Google is bringing Gemini 3 Deep Think to its elite AI Ultra subscribers, adding a higher-octane mode of reasoning to the Gemini app for those customers who pay $250 per month. The new environment is meant for more complex prompts with multiple steps and high complexity, and should result in more deliberate responses that analyze competing options before providing an answer.
What Deep Think brings to advanced AI reasoning tasks
Deep Think is Google’s newest effort into intensive reasoning that employs parallel search to consider many hypotheses at once. In more concrete terms, it tries to explore alternative solution paths, measure their differences, and converge on a better grounded answer — which can be quite limitless and useful in real-world scenarios like refactoring non-trivial codebases or brainstorming research plans or even analyzing ambiguous business cases where constraints and trade-offs are a concern.

Anticipate different ergonomics than regular chatting. Deep Think usually gives me the answer I am looking for, in more time and with more compute than Deep Light. In return, it hopes to decrease “first-thought bias,” or when models fixate on the most obvious answer. Google describes the mode as suitable for “hard” prompts that gain from decomposition, verification, and explicit cross-checking.

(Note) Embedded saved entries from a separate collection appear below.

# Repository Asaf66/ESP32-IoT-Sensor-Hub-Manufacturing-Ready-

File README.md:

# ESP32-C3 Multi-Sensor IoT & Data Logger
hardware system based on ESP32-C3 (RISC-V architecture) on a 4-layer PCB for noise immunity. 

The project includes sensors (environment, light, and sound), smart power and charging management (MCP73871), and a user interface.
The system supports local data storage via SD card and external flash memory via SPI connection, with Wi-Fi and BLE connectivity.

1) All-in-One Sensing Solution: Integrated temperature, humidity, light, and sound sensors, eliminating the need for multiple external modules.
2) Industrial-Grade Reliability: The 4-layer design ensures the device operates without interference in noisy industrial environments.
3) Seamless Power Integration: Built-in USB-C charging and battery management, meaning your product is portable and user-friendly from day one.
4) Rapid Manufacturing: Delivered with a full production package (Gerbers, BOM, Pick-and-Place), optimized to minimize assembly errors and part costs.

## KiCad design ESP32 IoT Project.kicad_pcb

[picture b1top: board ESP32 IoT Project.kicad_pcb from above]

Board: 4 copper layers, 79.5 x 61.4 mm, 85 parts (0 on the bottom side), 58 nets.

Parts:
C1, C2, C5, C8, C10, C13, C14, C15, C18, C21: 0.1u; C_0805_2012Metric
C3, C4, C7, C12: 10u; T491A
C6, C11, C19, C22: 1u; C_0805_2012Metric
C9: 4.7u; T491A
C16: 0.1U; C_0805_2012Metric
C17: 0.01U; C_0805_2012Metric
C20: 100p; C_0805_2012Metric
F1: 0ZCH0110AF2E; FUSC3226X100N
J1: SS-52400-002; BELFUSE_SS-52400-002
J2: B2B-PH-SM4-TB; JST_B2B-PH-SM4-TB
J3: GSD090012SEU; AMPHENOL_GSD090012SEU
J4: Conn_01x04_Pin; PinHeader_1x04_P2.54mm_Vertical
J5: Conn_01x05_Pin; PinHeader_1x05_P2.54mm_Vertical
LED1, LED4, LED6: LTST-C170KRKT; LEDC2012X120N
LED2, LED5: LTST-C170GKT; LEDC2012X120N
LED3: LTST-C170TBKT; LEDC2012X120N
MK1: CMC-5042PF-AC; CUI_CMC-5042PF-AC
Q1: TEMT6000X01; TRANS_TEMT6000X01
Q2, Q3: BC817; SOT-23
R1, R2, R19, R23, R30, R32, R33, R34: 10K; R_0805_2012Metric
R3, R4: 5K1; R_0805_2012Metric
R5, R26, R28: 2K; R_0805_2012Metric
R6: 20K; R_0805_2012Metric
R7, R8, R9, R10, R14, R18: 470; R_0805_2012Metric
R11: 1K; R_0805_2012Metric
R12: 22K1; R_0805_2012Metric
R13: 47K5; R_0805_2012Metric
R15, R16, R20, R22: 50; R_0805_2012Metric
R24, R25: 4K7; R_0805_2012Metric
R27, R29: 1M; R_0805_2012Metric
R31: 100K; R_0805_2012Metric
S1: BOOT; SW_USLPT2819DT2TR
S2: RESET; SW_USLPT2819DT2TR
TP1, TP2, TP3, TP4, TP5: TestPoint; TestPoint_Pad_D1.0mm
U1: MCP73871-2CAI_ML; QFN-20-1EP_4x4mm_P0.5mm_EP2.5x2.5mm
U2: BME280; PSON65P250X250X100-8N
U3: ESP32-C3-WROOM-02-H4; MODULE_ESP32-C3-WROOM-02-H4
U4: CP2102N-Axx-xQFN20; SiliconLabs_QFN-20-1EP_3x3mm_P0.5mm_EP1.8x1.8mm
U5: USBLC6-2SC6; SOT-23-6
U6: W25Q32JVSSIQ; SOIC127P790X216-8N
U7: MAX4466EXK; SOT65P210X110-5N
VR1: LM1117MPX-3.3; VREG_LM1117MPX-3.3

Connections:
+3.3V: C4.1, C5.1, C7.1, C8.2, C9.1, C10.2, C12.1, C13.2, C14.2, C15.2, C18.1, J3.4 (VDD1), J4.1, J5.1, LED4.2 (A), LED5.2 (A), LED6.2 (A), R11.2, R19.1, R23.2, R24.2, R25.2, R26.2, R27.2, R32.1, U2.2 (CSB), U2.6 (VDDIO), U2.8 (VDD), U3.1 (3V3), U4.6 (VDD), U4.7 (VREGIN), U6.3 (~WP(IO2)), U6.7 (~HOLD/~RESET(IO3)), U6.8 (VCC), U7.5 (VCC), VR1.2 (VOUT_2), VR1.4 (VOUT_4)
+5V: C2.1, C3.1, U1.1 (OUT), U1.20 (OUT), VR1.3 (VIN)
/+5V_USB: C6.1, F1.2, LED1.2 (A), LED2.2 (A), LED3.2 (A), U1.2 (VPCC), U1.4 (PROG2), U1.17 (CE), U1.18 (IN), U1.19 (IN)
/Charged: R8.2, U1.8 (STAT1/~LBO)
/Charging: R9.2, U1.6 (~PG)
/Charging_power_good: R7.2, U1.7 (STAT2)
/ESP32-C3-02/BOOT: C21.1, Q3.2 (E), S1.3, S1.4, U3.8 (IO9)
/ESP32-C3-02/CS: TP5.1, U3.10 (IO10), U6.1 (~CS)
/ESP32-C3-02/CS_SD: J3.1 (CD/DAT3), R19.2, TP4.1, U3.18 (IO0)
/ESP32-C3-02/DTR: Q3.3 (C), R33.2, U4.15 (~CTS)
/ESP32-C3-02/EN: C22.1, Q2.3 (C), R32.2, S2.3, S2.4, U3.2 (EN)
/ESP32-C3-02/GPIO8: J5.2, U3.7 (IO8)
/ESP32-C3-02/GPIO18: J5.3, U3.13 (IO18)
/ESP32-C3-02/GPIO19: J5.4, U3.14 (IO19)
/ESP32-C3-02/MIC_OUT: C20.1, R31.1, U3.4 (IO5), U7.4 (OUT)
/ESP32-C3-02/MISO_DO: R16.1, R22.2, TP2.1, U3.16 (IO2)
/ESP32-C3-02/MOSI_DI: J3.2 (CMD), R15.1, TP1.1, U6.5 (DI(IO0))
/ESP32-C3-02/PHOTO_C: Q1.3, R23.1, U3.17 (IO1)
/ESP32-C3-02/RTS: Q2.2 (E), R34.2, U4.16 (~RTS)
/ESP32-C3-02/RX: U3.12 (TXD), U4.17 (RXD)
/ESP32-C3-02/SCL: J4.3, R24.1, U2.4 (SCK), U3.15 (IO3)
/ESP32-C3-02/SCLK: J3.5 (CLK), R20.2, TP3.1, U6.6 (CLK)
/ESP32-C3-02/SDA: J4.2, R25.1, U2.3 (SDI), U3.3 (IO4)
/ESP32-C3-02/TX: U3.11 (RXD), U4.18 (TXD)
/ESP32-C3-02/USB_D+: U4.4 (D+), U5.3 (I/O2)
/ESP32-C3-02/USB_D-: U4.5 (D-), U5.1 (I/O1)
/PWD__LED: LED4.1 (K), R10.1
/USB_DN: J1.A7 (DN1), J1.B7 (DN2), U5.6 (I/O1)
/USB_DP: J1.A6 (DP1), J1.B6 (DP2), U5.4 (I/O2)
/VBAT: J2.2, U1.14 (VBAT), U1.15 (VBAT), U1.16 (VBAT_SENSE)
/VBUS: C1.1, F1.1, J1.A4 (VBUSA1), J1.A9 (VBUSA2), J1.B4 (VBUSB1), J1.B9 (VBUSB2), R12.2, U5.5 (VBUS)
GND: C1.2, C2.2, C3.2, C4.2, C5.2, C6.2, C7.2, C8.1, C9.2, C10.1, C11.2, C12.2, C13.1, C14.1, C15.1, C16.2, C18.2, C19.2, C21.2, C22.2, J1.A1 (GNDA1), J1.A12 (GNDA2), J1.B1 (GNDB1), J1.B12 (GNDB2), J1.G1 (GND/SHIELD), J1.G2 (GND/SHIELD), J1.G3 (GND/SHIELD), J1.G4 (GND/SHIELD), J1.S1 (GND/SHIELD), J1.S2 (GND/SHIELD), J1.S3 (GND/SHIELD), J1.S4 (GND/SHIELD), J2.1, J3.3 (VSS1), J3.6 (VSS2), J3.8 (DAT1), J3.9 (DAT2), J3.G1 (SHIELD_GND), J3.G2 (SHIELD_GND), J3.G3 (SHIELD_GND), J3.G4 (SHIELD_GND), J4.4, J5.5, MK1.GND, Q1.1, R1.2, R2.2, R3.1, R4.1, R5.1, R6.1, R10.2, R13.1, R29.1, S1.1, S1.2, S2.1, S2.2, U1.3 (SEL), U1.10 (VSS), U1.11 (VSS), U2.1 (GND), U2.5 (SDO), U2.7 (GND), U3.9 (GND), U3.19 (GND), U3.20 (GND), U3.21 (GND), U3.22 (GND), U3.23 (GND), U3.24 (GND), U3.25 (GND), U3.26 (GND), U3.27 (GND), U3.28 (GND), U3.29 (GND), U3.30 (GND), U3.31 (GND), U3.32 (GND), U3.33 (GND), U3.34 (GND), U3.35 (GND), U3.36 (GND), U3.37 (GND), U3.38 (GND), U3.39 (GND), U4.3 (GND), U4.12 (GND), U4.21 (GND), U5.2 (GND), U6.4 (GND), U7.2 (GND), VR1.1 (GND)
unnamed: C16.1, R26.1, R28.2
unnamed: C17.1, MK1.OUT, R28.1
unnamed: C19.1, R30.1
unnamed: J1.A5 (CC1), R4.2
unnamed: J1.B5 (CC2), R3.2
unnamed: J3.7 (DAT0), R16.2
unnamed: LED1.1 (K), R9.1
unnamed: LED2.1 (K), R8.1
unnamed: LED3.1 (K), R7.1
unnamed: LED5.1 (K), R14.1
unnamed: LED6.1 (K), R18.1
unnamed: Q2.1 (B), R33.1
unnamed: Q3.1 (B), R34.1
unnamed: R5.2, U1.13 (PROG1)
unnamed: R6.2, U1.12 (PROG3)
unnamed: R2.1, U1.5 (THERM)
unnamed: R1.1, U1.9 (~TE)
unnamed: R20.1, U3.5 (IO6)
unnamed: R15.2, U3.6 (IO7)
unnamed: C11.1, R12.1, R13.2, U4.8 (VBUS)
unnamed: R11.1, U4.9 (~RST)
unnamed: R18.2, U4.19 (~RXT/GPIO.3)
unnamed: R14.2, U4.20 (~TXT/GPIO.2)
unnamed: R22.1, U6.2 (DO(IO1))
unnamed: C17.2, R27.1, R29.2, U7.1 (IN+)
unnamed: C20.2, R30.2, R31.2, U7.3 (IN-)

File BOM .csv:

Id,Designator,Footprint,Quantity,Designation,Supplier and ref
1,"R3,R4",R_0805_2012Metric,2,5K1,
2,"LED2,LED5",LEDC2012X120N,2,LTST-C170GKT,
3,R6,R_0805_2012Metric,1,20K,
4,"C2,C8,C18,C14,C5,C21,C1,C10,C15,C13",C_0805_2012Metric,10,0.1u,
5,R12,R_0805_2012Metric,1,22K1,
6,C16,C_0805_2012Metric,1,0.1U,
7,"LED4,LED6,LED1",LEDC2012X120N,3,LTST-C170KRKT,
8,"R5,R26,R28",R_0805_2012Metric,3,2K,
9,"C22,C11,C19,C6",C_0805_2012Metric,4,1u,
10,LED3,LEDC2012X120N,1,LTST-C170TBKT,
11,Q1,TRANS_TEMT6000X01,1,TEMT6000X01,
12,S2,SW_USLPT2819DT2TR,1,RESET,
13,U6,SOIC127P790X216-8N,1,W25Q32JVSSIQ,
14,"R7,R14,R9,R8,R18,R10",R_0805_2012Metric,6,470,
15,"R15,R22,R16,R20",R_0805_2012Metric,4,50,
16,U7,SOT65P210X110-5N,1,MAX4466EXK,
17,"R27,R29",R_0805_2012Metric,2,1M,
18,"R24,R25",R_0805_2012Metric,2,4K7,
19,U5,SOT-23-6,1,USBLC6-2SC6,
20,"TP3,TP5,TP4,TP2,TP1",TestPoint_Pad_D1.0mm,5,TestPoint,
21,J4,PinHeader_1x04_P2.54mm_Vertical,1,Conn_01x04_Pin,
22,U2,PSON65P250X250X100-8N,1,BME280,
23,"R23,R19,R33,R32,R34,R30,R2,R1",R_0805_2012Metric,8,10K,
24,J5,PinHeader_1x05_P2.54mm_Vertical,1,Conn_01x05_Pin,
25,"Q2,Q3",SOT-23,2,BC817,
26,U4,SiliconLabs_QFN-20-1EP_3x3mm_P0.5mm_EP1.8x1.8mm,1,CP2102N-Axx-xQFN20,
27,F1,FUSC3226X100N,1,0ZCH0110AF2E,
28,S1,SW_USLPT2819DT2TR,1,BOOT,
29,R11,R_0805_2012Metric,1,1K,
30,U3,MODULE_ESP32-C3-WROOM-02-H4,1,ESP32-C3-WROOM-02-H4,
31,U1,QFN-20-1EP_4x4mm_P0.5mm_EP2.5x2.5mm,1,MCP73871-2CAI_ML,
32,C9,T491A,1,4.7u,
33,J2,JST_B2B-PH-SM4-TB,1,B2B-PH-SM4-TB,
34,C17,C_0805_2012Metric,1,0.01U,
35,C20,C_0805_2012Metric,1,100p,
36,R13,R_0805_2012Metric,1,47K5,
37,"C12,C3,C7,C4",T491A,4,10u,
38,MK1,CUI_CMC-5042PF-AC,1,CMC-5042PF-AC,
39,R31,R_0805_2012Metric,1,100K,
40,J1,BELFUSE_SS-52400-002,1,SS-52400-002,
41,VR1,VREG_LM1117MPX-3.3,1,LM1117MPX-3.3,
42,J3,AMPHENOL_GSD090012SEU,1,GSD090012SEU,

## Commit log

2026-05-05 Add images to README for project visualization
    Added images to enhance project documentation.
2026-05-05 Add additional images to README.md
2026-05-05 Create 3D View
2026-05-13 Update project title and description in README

Possible use cases that would benefit may include:
- Multi-step data analysis
- Comparing legal or policy frameworks across jurisdictions
- Debugging logic that cuts across multiple files
- Technical writing that needs to reconcile conflicting source material
For rapid summaries or daily Q&A, regular mode ought to remain faster and more cost-effective.
Early benchmarks and limits of Gemini 3 Deep Think
According to Google, Gemini 3 Deep Think got 41 out of 100 on Humanity’s Last Exam, an extremely taxing assessment that was designed by Google as a sort of thought experiment to put long-horizon reasoning through the wringer. It’s not like any one benchmark represents real-world performance, but that suggests progress on tasks where models have to plan, simulate, and revise, instead of just recall.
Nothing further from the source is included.